La religiosidad que hace cuestión de la virginidad o no de
las personas es un riesgo a erradicar. Una sociedad obligada a considerar la
virginidad, o “la primera vez” (sic), como mérito o demérito, es un colectivo a
disolver. Considerar que el placer sexual es un desorden moral, es una
aberración histórica privativa de mentes asotanadas, perversas y retorcidas.
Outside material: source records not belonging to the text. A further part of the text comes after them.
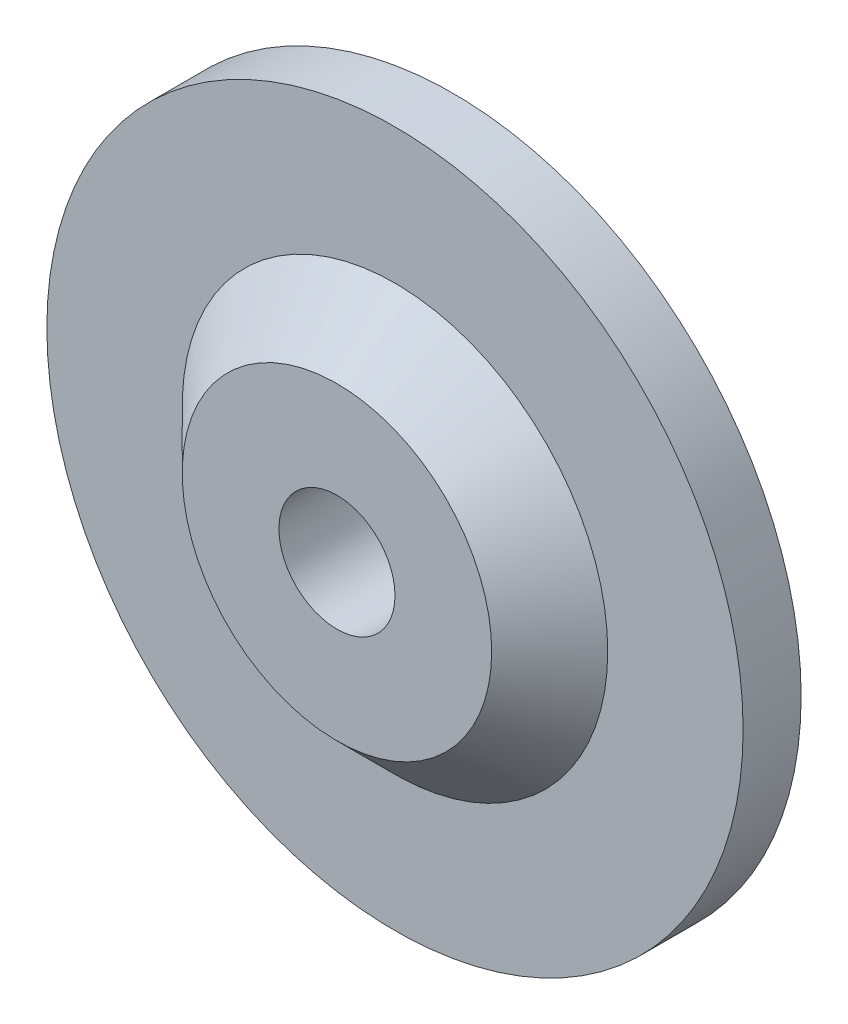
ISO-10303-21;
HEADER;
FILE_DESCRIPTION(('STEP AP214'),'2;1');
FILE_NAME('part.step','',(''),(''),'','','');
FILE_SCHEMA(('AUTOMOTIVE_DESIGN { 1 0 10303 214 1 1 1 1 }'));
ENDSEC;
DATA;
#1=APPLICATION_CONTEXT('core data for automotive mechanical design processes');
#2=APPLICATION_PROTOCOL_DEFINITION('international standard','automotive_design',2000,#1);
#3=PRODUCT_CONTEXT('',#1,'mechanical');
#4=PRODUCT('Part','Part','',(#3));
#5=PRODUCT_RELATED_PRODUCT_CATEGORY('part','',(#4));
#6=PRODUCT_DEFINITION_FORMATION('','',#4);
#7=PRODUCT_DEFINITION_CONTEXT('part definition',#1,'design');
#8=PRODUCT_DEFINITION('design','',#6,#7);
#9=PRODUCT_DEFINITION_SHAPE('','',#8);
#10=(LENGTH_UNIT() NAMED_UNIT(*) SI_UNIT(.MILLI.,.METRE.));
#11=(NAMED_UNIT(*) PLANE_ANGLE_UNIT() SI_UNIT($,.RADIAN.));
#12=(NAMED_UNIT(*) SI_UNIT($,.STERADIAN.) SOLID_ANGLE_UNIT());
#13=UNCERTAINTY_MEASURE_WITH_UNIT(LENGTH_MEASURE(1.E-05),#10,'distance_accuracy_value','');
#14=(GEOMETRIC_REPRESENTATION_CONTEXT(3) GLOBAL_UNCERTAINTY_ASSIGNED_CONTEXT((#13)) GLOBAL_UNIT_ASSIGNED_CONTEXT((#10,
#11,#12)) REPRESENTATION_CONTEXT('',''));
#15=CARTESIAN_POINT('',(0.,0.,0.));
#16=DIRECTION('',(0.,0.,1.));
#17=DIRECTION('',(1.,0.,0.));
#18=AXIS2_PLACEMENT_3D('',#15,#16,#17);
#19=CARTESIAN_POINT('',(0.,0.,3.));
#20=DIRECTION('',(0.,0.,1.));
#21=DIRECTION('',(1.,0.,0.));
#22=AXIS2_PLACEMENT_3D('',#19,#20,#21);
#23=PLANE('',#22);
#24=CARTESIAN_POINT('',(0.,0.,3.));
#25=DIRECTION('',(0.,0.,1.));
#26=DIRECTION('',(1.,0.,0.));
#27=AXIS2_PLACEMENT_3D('',#24,#25,#26);
#28=CIRCLE('',#27,10.9999999999999);
#29=CARTESIAN_POINT('',(10.9999999999999,0.,3.));
#30=VERTEX_POINT('',#29);
#31=EDGE_CURVE('E10',#30,#30,#28,.F.);
#32=ORIENTED_EDGE('',*,*,#31,.T.);
#33=EDGE_LOOP('',(#32));
#34=FACE_BOUND('',#33,.T.);
#35=CARTESIAN_POINT('',(0.,0.,3.));
#36=DIRECTION('',(0.,0.,1.));
#37=DIRECTION('',(1.,0.,0.));
#38=AXIS2_PLACEMENT_3D('',#35,#36,#37);
#39=CIRCLE('',#38,18.);
#40=CARTESIAN_POINT('',(18.,0.,3.));
#41=VERTEX_POINT('',#40);
#42=EDGE_CURVE('E42',#41,#41,#39,.T.);
#43=ORIENTED_EDGE('',*,*,#42,.T.);
#44=EDGE_LOOP('',(#43));
#45=FACE_BOUND('',#44,.T.);
#46=ADVANCED_FACE('F31',(#34,#45),#23,.T.);
#47=CARTESIAN_POINT('',(0.,0.,0.));
#48=DIRECTION('',(0.,0.,1.));
#49=DIRECTION('',(1.,0.,0.));
#50=AXIS2_PLACEMENT_3D('',#47,#48,#49);
#51=PLANE('',#50);
#52=CARTESIAN_POINT('',(0.,0.,0.));
#53=DIRECTION('',(0.,0.,1.));
#54=DIRECTION('',(1.,0.,0.));
#55=AXIS2_PLACEMENT_3D('',#52,#53,#54);
#56=CIRCLE('',#55,18.);
#57=CARTESIAN_POINT('',(18.,0.,0.));
#58=VERTEX_POINT('',#57);
#59=EDGE_CURVE('E46',#58,#58,#56,.T.);
#60=ORIENTED_EDGE('',*,*,#59,.F.);
#61=EDGE_LOOP('',(#60));
#62=FACE_BOUND('',#61,.T.);
#63=CARTESIAN_POINT('',(0.,0.,0.));
#64=DIRECTION('',(0.,0.,1.));
#65=DIRECTION('',(1.,0.,0.));
#66=AXIS2_PLACEMENT_3D('',#63,#64,#65);
#67=CIRCLE('',#66,3.);
#68=CARTESIAN_POINT('',(3.,0.,0.));
#69=VERTEX_POINT('',#68);
#70=EDGE_CURVE('E50',#69,#69,#67,.T.);
#71=ORIENTED_EDGE('',*,*,#70,.T.);
#72=EDGE_LOOP('',(#71));
#73=FACE_BOUND('',#72,.T.);
#74=ADVANCED_FACE('F72',(#62,#73),#51,.F.);
#75=CARTESIAN_POINT('',(0.,0.,3.));
#76=DIRECTION('',(0.,0.,-1.));
#77=DIRECTION('',(-1.,0.,0.));
#78=AXIS2_PLACEMENT_3D('',#75,#76,#77);
#79=CYLINDRICAL_SURFACE('',#78,18.);
#80=ORIENTED_EDGE('',*,*,#42,.F.);
#81=EDGE_LOOP('',(#80));
#82=FACE_BOUND('',#81,.T.);
#83=ORIENTED_EDGE('',*,*,#59,.T.);
#84=EDGE_LOOP('',(#83));
#85=FACE_BOUND('',#84,.T.);
#86=ADVANCED_FACE('F68',(#82,#85),#79,.T.);
#87=CARTESIAN_POINT('',(0.,0.,3.));
#88=DIRECTION('',(0.,0.,-1.));
#89=DIRECTION('',(-1.,0.,0.));
#90=AXIS2_PLACEMENT_3D('',#87,#88,#89);
#91=CYLINDRICAL_SURFACE('',#90,3.);
#92=ORIENTED_EDGE('',*,*,#70,.F.);
#93=EDGE_LOOP('',(#92));
#94=FACE_BOUND('',#93,.T.);
#95=CARTESIAN_POINT('',(0.,0.,6.));
#96=DIRECTION('',(0.,0.,1.));
#97=DIRECTION('',(1.,0.,0.));
#98=AXIS2_PLACEMENT_3D('',#95,#96,#97);
#99=CIRCLE('',#98,3.);
#100=CARTESIAN_POINT('',(3.,0.,6.));
#101=VERTEX_POINT('',#100);
#102=EDGE_CURVE('E54',#101,#101,#99,.T.);
#103=ORIENTED_EDGE('',*,*,#102,.T.);
#104=EDGE_LOOP('',(#103));
#105=FACE_BOUND('',#104,.T.);
#106=ADVANCED_FACE('F58',(#94,#105),#91,.F.);
#107=CARTESIAN_POINT('',(0.,0.,6.));
#108=DIRECTION('',(0.,0.,1.));
#109=DIRECTION('',(1.,0.,0.));
#110=AXIS2_PLACEMENT_3D('',#107,#108,#109);
#111=PLANE('',#110);
#112=CARTESIAN_POINT('',(0.,0.,6.));
#113=DIRECTION('',(0.,0.,1.));
#114=DIRECTION('',(1.,0.,0.));
#115=AXIS2_PLACEMENT_3D('',#112,#113,#114);
#116=CIRCLE('',#115,7.99999999999991);
#117=CARTESIAN_POINT('',(7.99999999999991,0.,6.));
#118=VERTEX_POINT('',#117);
#119=EDGE_CURVE('E38',#118,#118,#116,.T.);
#120=ORIENTED_EDGE('',*,*,#119,.T.);
#121=EDGE_LOOP('',(#120));
#122=FACE_BOUND('',#121,.T.);
#123=ORIENTED_EDGE('',*,*,#102,.F.);
#124=EDGE_LOOP('',(#123));
#125=FACE_BOUND('',#124,.T.);
#126=ADVANCED_FACE('F60',(#122,#125),#111,.T.);
#127=CARTESIAN_POINT('',(0.,0.,6.));
#128=DIRECTION('',(0.,0.,-1.));
#129=DIRECTION('',(-1.,0.,0.));
#130=AXIS2_PLACEMENT_3D('',#127,#128,#129);
#131=CONICAL_SURFACE('',#130,7.99999999999991,0.785398163397453);
#132=ORIENTED_EDGE('',*,*,#31,.F.);
#133=EDGE_LOOP('',(#132));
#134=FACE_BOUND('',#133,.T.);
#135=ORIENTED_EDGE('',*,*,#119,.F.);
#136=EDGE_LOOP('',(#135));
#137=FACE_BOUND('',#136,.T.);
#138=ADVANCED_FACE('F33',(#134,#137),#131,.T.);
#139=CLOSED_SHELL('',(#46,#74,#86,#106,#126,#138));
#140=MANIFOLD_SOLID_BREP('B2',#139);
#141=ADVANCED_BREP_SHAPE_REPRESENTATION('',(#18,#140),#14);
#142=SHAPE_DEFINITION_REPRESENTATION(#9,#141);
ENDSEC;
END-ISO-10303-21;

Hemos sido víctimas durante siglos.
El libro prologado y epilogado por el obispo de la diócesis y
firmado por una seglar consagrada, especializada en la educación
afectivo-sexual, es el motivo que tanto ha dado que hablar estos días y pie de
esta columna. Desde una lectura en diagonal diría que es una antología
histórica del desatino. Nadie duda de que es mejor el sexo con amor que sin él,
como mejores son el café con amor que sin él, el desayuno con amor que sin él o
incluso, ya que estamos en campaña, el voto con amor que sin él ¡menuda
diferencia! Convencidos de que teologías de este estilo, catolicoides y
tradicionales, estaban silenciadas, cuesta entender a un prelado el discurso de
la recuperabilidad de la virginidad o que determinados procesos hormonales
impulsan a la mujer al fregoteo y al trapeo. Como cuesta aceptar la católica
vergüenza y repudio ostentosamente expresados por admiradores y entusiastas de los
anteriores prelados, que no fueron precisamente responsable de un dispensario
de preservativos, de un centro de planificación familiar o fogosos defensores
del amor libre.
In memoriam, por
aquellos padres que murieron sin que su obispo, este o aquellos, les insinuaran
la más mínima inocuidad de la homosexualidad de sus hijos e hijas.